**** Available records ****
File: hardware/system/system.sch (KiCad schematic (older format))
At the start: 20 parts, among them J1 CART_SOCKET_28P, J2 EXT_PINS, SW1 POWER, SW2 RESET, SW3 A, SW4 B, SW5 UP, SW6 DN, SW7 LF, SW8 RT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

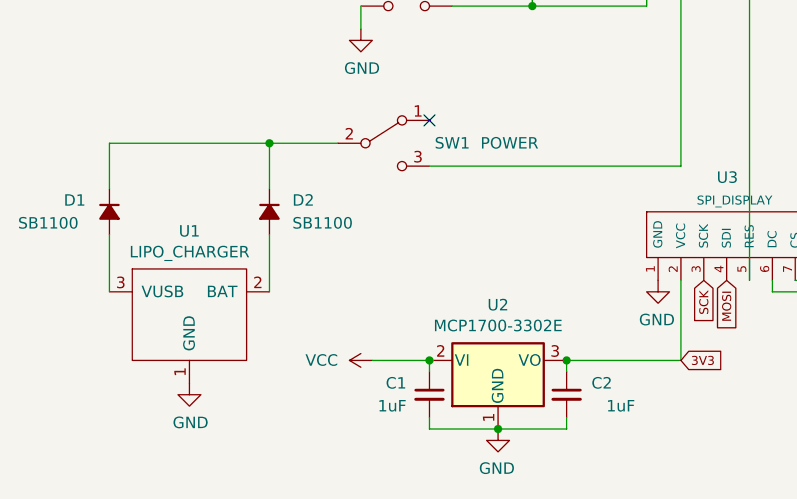
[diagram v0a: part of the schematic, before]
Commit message: Rewire screen regulator Vin to RAW
- Also add schematic PDFs
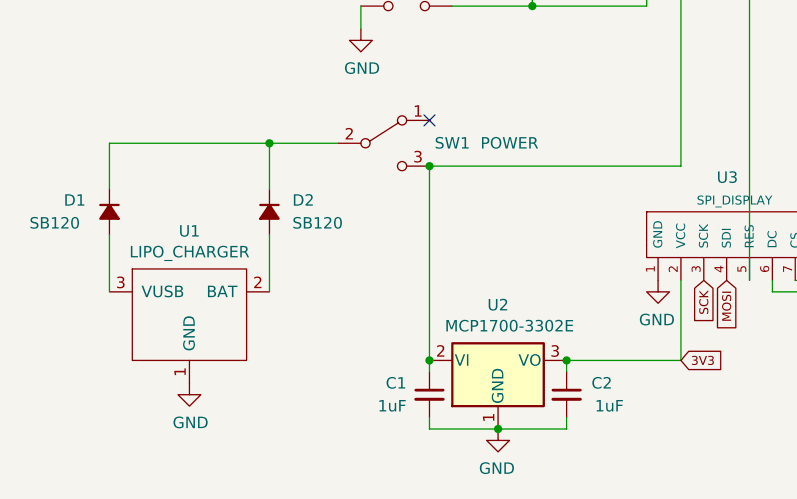
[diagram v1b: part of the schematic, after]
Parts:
- D1, D2: value SB1100 -> SB120
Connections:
- net VCC: no longer C1.1, U2.2 (VI)
- net at J1.26 (Pin_26), SW1.3 (C): now also C1.1, U2.2 (VI)
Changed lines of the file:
@@
 encoding utf-8
 Sheet 1 1
-Title ""
-Date ""
-Rev ""
+Title "Arduboy CE"
+Date "2021-02-12"
+Rev "1.0-dev2"
 Comp ""
 Comment1 ""
@@
 P 4050 5200
 F 0 "U2" H 4050 4958 50  0000 C CNN
-F 1 "MCP1700-3302E" H 4050 5049 50  0000 C CNN
+F 1 "MCP1700-3302E" H 4100 5050 50  0000 C CNN
 F 2 "system:TO-92" H 4050 5000 50  0001 C CIN
 F 3 "http://ww1.microchip.com/downloads/en/DeviceDoc/20001826D.pdf" H 4050 5200 50  0001 C CNN
@@
 P 3050 4550
 F 0 "D2" V 3000 4650 50  0000 L CNN
-F 1 "SB1100" V 3100 4650 50  0000 L CNN
+F 1 "SB120" V 3100 4650 50  0000 L CNN
 F 2 "Diode_THT:D_DO-35_SOD27_P7.62mm_Horizontal" V 3050 4550 50  0001 C CNN
 F 3 "~" V 3050 4550 50  0001 C CNN
@@
 P 2350 4550
 F 0 "D1" V 2300 4750 50  0000 R CNN
-F 1 "SB1100" V 2400 4950 50  0000 R CNN
+F 1 "SB120" V 2400 4900 50  0000 R CNN
 F 2 "Diode_THT:D_DO-35_SOD27_P7.62mm_Horizontal" V 2350 4550 50  0001 C CNN
 F 3 "~" V 2350 4550 50  0001 C CNN
@@
 	1    5050 4650
 	1    0    0    -1
-$EndComp
-$Comp
-L power:VCC #PWR0107
-U 1 1 601937EE
-P 3500 5200
-F 0 "#PWR0107" H 3500 5050 50  0001 C CNN
-F 1 "VCC" V 3500 5350 50  0000 L CNN
-F 2 "" H 3500 5200 50  0001 C CNN
-F 3 "" H 3500 5200 50  0001 C CNN
-	1    3500 5200
-	0    -1   1    0
 $EndComp
 $Comp
@@
 P 4350 5350
 F 0 "C2" H 4550 5400 50  0000 R CNN
-F 1 "1uF" H 4650 5300 50  0000 R CNN
+F 1 "1uF" H 4600 5300 50  0000 R CNN
 F 2 "Capacitor_THT:C_Rect_L4.0mm_W2.5mm_P2.50mm" H 4350 5350 50  0001 C CNN
 F 3 "~" H 4350 5350 50  0001 C CNN
@@
 Wire Wire Line
 	3750 5250 3750 5200
-Wire Wire Line
-	3500 5200 3750 5200
 Connection ~ 3750 5200
 Wire Wire Line
@@
 Text GLabel 8650 3650 3    39   Input ~ 0
 D0
+Connection ~ 3750 4350
+Wire Wire Line
+	3750 4350 3750 5200
 $EndSCHEMATC

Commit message: Connect power to VCC instead of RAW
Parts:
- J2: symbol Connector:Conn_01x11_Female -> Connector:Conn_01x12_Female
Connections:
- net 3V3: now also J2.4 (Pin_4); no longer J2.3 (Pin_3)
- net D0: now also J2.10 (Pin_10); no longer J2.9 (Pin_9)
- net D10_A10: now also J2.12 (Pin_12); no longer J2.11 (Pin_11)
- net D9_A9: now also J2.11 (Pin_11); no longer J2.10 (Pin_10)
- net MISO: now also J2.7 (Pin_7); no longer J2.6 (Pin_6)
- net MOSI: now also J2.8 (Pin_8); no longer J2.7 (Pin_7)
- net SCK: now also J2.9 (Pin_9); no longer J2.8 (Pin_8)
- net SCL: now also J2.6 (Pin_6); no longer J2.5 (Pin_5)
- net SDA: now also J2.5 (Pin_5); no longer J2.4 (Pin_4)
- net VCC: now also C1.1, J2.3 (Pin_3), SW1.3 (C), U2.2 (VI); no longer J2.2 (Pin_2)
- new net RAW: J1.26 (Pin_26), J2.2 (Pin_2)
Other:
- note removed: "RAW"
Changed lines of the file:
@@
 Title "Arduboy CE"
 Date "2021-02-12"
-Rev "1.0-dev2"
+Rev "1.0-dev3"
 Comp ""
 Comment1 ""
@@
 NoConn ~ 6750 4100
 NoConn ~ 6650 4100
-Text Notes 5650 3600 1    39   ~ 0
-RAW
 Text Notes 5850 3600 1    39   ~ 0
 RST
@@
 	1    0    0    -1
 $EndComp
-Wire Wire Line
-	4850 3450 5650 3450
-Wire Wire Line
-	5650 3450 5650 3600
 $Comp
 L power:GND #PWR0104
@@
 D10_A10
 $Comp
-L Connector:Conn_01x11_Female J2
+L Connector:Conn_01x12_Female J2
 U 1 1 6029D390
-P 8350 3450
-F 0 "J2" V 8515 3380 50  0000 C CNN
-F 1 "EXT_PINS" V 8424 3380 50  0000 C CNN
-F 2 "system:EXT_PINS" H 8350 3450 50  0001 C CNN
-F 3 "~" H 8350 3450 50  0001 C CNN
-	1    8350 3450
+P 8250 3450
+F 0 "J2" V 8415 3380 50  0000 C CNN
+F 1 "EXT_PINS" V 8324 3380 50  0000 C CNN
+F 2 "system:EXT_PINS" H 8250 3450 50  0001 C CNN
+F 3 "~" H 8250 3450 50  0001 C CNN
+	1    8250 3450
 	0    -1   -1   0
 $EndComp
@@
 L power:GND #PWR0110
 U 1 1 602A3E9B
-P 7850 3650
-F 0 "#PWR0110" H 7850 3400 50  0001 C CNN
-F 1 "GND" H 7800 3500 50  0000 C CNN
-F 2 "" H 7850 3650 50  0001 C CNN
-F 3 "" H 7850 3650 50  0001 C CNN
-	1    7850 3650
+P 7750 3650
+F 0 "#PWR0110" H 7750 3400 50  0001 C CNN
+F 1 "GND" H 7700 3500 50  0000 C CNN
+F 2 "" H 7750 3650 50  0001 C CNN
+F 3 "" H 7750 3650 50  0001 C CNN
+	1    7750 3650
 	1    0    0    -1
 $EndComp
@@
 Wire Wire Line
 	4200 3650 4700 3650
-Wire Wire Line
-	4850 4350 3750 4350
-Wire Wire Line
-	4850 3450 4850 4350
 Connection ~ 5150 3350
 Wire Wire Line
@@
 Text GLabel 8650 3650 3    39   Input ~ 0
 D0
+Wire Wire Line
+	3750 4350 3750 5200
+Text GLabel 7850 3650 3    39   Input ~ 0
+RAW
+Text GLabel 5650 3600 1    39   Input ~ 0
+RAW
+$Comp
+L power:VCC #PWR?
+U 1 1 6028122A
+P 4250 4350
+F 0 "#PWR?" H 4250 4200 50  0001 C CNN
+F 1 "VCC" V 4250 4500 50  0000 L CNN
+F 2 "" H 4250 4350 50  0001 C CNN
+F 3 "" H 4250 4350 50  0001 C CNN
+	1    4250 4350
+	0    1    1    0
+$EndComp
+Wire Wire Line
+	4250 4350 3750 4350
 Connection ~ 3750 4350
-Wire Wire Line
-	3750 4350 3750 5200
 $EndSCHEMATC

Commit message: Connect display RES to D0/RX
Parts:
- J2: symbol Connector:Conn_01x12_Female -> Connector:Conn_01x11_Female
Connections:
- net D10_A10: now also J2.11 (Pin_11); no longer J2.12 (Pin_12)
- net D9_A9: now also J2.10 (Pin_10); no longer J2.11 (Pin_11)
- net at J1.24 (Pin_24), R1.2, SW2.2: no longer U3.5 (RES)
- net D0: no longer names the net of J1.2 (Pin_2)
- net D0: now also U3.5 (RES); no longer J2.10 (Pin_10)
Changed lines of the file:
@@
 D10_A10
 $Comp
-L Connector:Conn_01x12_Female J2
+L Connector:Conn_01x11_Female J2
 U 1 1 6029D390
 P 8250 3450
@@
 Text GLabel 8550 3650 3    39   Input ~ 0
 SCK
-Text GLabel 8850 3650 3    39   Input ~ 0
+Text GLabel 8750 3650 3    39   Input ~ 0
 D10_A10
-Text GLabel 8750 3650 3    39   Input ~ 0
+Text GLabel 8650 3650 3    39   Input ~ 0
 D9_A9
 Text GLabel 6550 4250 3    39   Input ~ 0
@@
 Wire Wire Line
 	6550 4100 6550 4250
-Wire Wire Line
-	4700 3350 5150 3350
-Wire Wire Line
-	5150 4850 5150 3350
 NoConn ~ 3750 4150
 Wire Wire Line
 	4200 3650 4700 3650
-Connection ~ 5150 3350
-Wire Wire Line
-	5150 3350 5850 3350
-Text GLabel 5550 4250 3    39   Input ~ 0
-D0
-Wire Wire Line
-	5550 4100 5550 4250
-Text GLabel 8650 3650 3    39   Input ~ 0
-D0
 Wire Wire Line
 	3750 4350 3750 5200
@@
 	4250 4350 3750 4350
 Connection ~ 3750 4350
+Wire Wire Line
+	4700 3350 5850 3350
+Wire Wire Line
+	5150 4850 5150 4950
+Wire Wire Line
+	5150 4950 5550 4950
+Wire Wire Line
+	5550 4100 5550 4950
 $EndSCHEMATC

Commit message: Update system and cart
- Shorten cart by 1mm to account for other connector brand
- Use 1-pin header for charger board support
- Fix diode footprint
- Bump cart/system versions (no gerbers yet)
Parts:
- D1, D2: footprint Diode_THT:D_DO-35_SOD27_P7.62mm_Horizontal -> Diode_THT:D_DO-41_SOD81_P7.62mm_Horizontal
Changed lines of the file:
@@
 Sheet 1 1
 Title "Arduboy CE"
-Date "2021-03-04"
-Rev "1.0-dev4"
+Date "2021-04-12"
+Rev "1.0-dev5"
 Comp ""
 Comment1 ""
@@
 F 0 "D2" V 3000 4650 50  0000 L CNN
 F 1 "SB120" V 3100 4650 50  0000 L CNN
-F 2 "Diode_THT:D_DO-35_SOD27_P7.62mm_Horizontal" V 3050 4550 50  0001 C CNN
+F 2 "Diode_THT:D_DO-41_SOD81_P7.62mm_Horizontal" V 3050 4550 50  0001 C CNN
 F 3 "~" V 3050 4550 50  0001 C CNN
 	1    3050 4550
@@
 F 0 "D1" V 2300 4750 50  0000 R CNN
 F 1 "SB120" V 2400 4900 50  0000 R CNN
-F 2 "Diode_THT:D_DO-35_SOD27_P7.62mm_Horizontal" V 2350 4550 50  0001 C CNN
+F 2 "Diode_THT:D_DO-41_SOD81_P7.62mm_Horizontal" V 2350 4550 50  0001 C CNN
 F 3 "~" V 2350 4550 50  0001 C CNN
 	1    2350 4550

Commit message: Remove 3.3V regulator
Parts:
- removed C1, C2: 1uF, Capacitor_THT:C_Rect_L4.0mm_W2.5mm_P2.50mm, symbol Device:C_Small
- removed U2: MCP1700-3302E, system:TO-92, symbol Regulator_Linear:MCP1700-3302E_TO92
- J2: symbol Connector:Conn_01x11_Female -> Connector:Conn_01x10_Female
- renumbered U3 to U2
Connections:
- net D10_A10: now also J2.10 (Pin_10); no longer J2.11 (Pin_11)
- net D9_A9: now also J2.9 (Pin_9); no longer J2.10 (Pin_10)
- net MISO: now also J2.6 (Pin_6); no longer J2.7 (Pin_7)
- net MOSI: now also J2.7 (Pin_7); no longer J2.8 (Pin_8)
- net SCK: now also J2.8 (Pin_8); no longer J2.9 (Pin_9)
- net SCL: now also J2.5 (Pin_5); no longer J2.6 (Pin_6)
- net SDA: now also J2.4 (Pin_4); no longer J2.5 (Pin_5)
- net VCC: now also U2.2 (VCC)
- removed net 3V3: J2.4 (Pin_4), U2.2 (VCC)
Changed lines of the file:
@@
 Sheet 1 1
 Title "Arduboy CE"
-Date "2021-04-12"
+Date "2021-06-07"
 Rev "1.0-dev5"
 Comp ""
@@
 $EndComp
 $Comp
-L Regulator_Linear:MCP1700-3302E_TO92 U2
-U 1 1 60150B9F
-P 4050 5200
-F 0 "U2" H 4050 4958 50  0000 C CNN
-F 1 "MCP1700-3302E" H 4100 5050 50  0000 C CNN
-F 2 "system:TO-92" H 4050 5000 50  0001 C CIN
-F 3 "http://ww1.microchip.com/downloads/en/DeviceDoc/20001826D.pdf" H 4050 5200 50  0001 C CNN
-	1    4050 5200
-	1    0    0    1
-$EndComp
-$Comp
 L system:LIPO_CHARGER U1
 U 1 1 601553BA
@@
 Connection ~ 7500 4950
 $Comp
-L system:SPI_DISPLAY U3
+L system:SPI_DISPLAY U2
 U 1 1 60191D78
 P 5050 4650
-F 0 "U3" H 5100 4900 50  0000 R CNN
+F 0 "U2" H 5100 4900 50  0000 R CNN
 F 1 "SPI_DISPLAY" H 5250 4800 39  0000 R CNN
 F 2 "system:DIYMORE_2.42_IN_OLED" H 5100 4550 30  0001 C CNN
@@
 	1    0    0    -1
 $EndComp
-$Comp
-L power:GND #PWR0108
-U 1 1 6019D0B9
-P 4050 5500
-F 0 "#PWR0108" H 4050 5250 50  0001 C CNN
-F 1 "GND" H 4055 5327 50  0000 C CNN
-F 2 "" H 4050 5500 50  0001 C CNN
-F 3 "" H 4050 5500 50  0001 C CNN
-	1    4050 5500
-	-1   0    0    -1
-$EndComp
-$Comp
-L Device:C_Small C1
-U 1 1 601A4D86
-P 3750 5350
-F 0 "C1" H 3850 5400 50  0000 L CNN
-F 1 "1uF" H 3850 5300 50  0000 L CNN
-F 2 "Capacitor_THT:C_Rect_L4.0mm_W2.5mm_P2.50mm" H 3750 5350 50  0001 C CNN
-F 3 "~" H 3750 5350 50  0001 C CNN
-	1    3750 5350
-	-1   0    0    -1
-$EndComp
-$Comp
-L Device:C_Small C2
-U 1 1 601AE8F3
-P 4350 5350
-F 0 "C2" H 4550 5400 50  0000 R CNN
-F 1 "1uF" H 4600 5300 50  0000 R CNN
-F 2 "Capacitor_THT:C_Rect_L4.0mm_W2.5mm_P2.50mm" H 4350 5350 50  0001 C CNN
-F 3 "~" H 4350 5350 50  0001 C CNN
-	1    4350 5350
-	1    0    0    -1
-$EndComp
-Wire Wire Line
-	3750 5500 4050 5500
-Connection ~ 4050 5500
-Wire Wire Line
-	4050 5500 4350 5500
 $Comp
 L power:GND #PWR0109
@@
 $EndComp
 Wire Wire Line
-	4350 5200 4850 5200
-Wire Wire Line
-	3750 5450 3750 5500
-Wire Wire Line
-	4350 5500 4350 5450
-Wire Wire Line
-	4350 5250 4350 5200
-Connection ~ 4350 5200
-Wire Wire Line
-	3750 5250 3750 5200
-Connection ~ 3750 5200
-Wire Wire Line
 	4850 5200 4850 4850
 Wire Wire Line
@@
 D10_A10
 $Comp
-L Connector:Conn_01x11_Female J2
+L Connector:Conn_01x10_Female J2
 U 1 1 6029D390
-P 8250 3450
-F 0 "J2" V 8415 3380 50  0000 C CNN
-F 1 "EXT_PINS" V 8324 3380 50  0000 C CNN
-F 2 "system:EXT_PINS" H 8250 3450 50  0001 C CNN
-F 3 "~" H 8250 3450 50  0001 C CNN
-	1    8250 3450
+P 8150 3450
+F 0 "J2" V 8315 3380 50  0000 C CNN
+F 1 "EXT_PINS" V 8224 3380 50  0000 C CNN
+F 2 "system:EXT_PINS" H 8150 3450 50  0001 C CNN
+F 3 "~" H 8150 3450 50  0001 C CNN
+	1    8150 3450
 	0    -1   -1   0
 $EndComp
@@
 	1    0    0    1
 $EndComp
-Text GLabel 4850 5200 2    39   Input ~ 0
-3V3
 Text GLabel 8050 3650 3    39   Input ~ 0
-3V3
+SDA
 Text GLabel 8150 3650 3    39   Input ~ 0
-SDA
+SCL
 Text GLabel 8250 3650 3    39   Input ~ 0
-SCL
+MISO
 Text GLabel 8350 3650 3    39   Input ~ 0
-MISO
+MOSI
 Text GLabel 8450 3650 3    39   Input ~ 0
-MOSI
+SCK
+Text GLabel 8650 3650 3    39   Input ~ 0
+D10_A10
 Text GLabel 8550 3650 3    39   Input ~ 0
-SCK
-Text GLabel 8750 3650 3    39   Input ~ 0
-D10_A10
-Text GLabel 8650 3650 3    39   Input ~ 0
 D9_A9
 Text GLabel 6550 4250 3    39   Input ~ 0
@@
 Wire Wire Line
 	4200 3650 4700 3650
-Wire Wire Line
-	3750 4350 3750 5200
 Text GLabel 7850 3650 3    39   Input ~ 0
 RAW
@@
 RAW
 $Comp
-L power:VCC #PWR?
+L power:VCC #PWR0107
 U 1 1 6028122A
 P 4250 4350
-F 0 "#PWR?" H 4250 4200 50  0001 C CNN
+F 0 "#PWR0107" H 4250 4200 50  0001 C CNN
 F 1 "VCC" V 4250 4500 50  0000 L CNN
 F 2 "" H 4250 4350 50  0001 C CNN
@@
 $EndComp
 Wire Wire Line
-	4250 4350 3750 4350
-Connection ~ 3750 4350
+	4250 4350 4100 4350
 Wire Wire Line
 	4700 3350 5850 3350
@@
 Wire Wire Line
 	5550 4100 5550 4950
+Wire Wire Line
+	4850 5200 4100 5200
+Wire Wire Line
+	4100 5200 4100 4350
+Connection ~ 4100 4350
+Wire Wire Line
+	4100 4350 3750 4350
 $EndSCHEMATC
****
### What the task requires
All lines in the records that contain "MOSI" are to be copied and returned.

### Problem solution
- net MOSI: now also J2.8 (Pin_8); no longer J2.7 (Pin_7)
- net MOSI: now also J2.7 (Pin_7); no longer J2.8 (Pin_8)
+MOSI
-MOSI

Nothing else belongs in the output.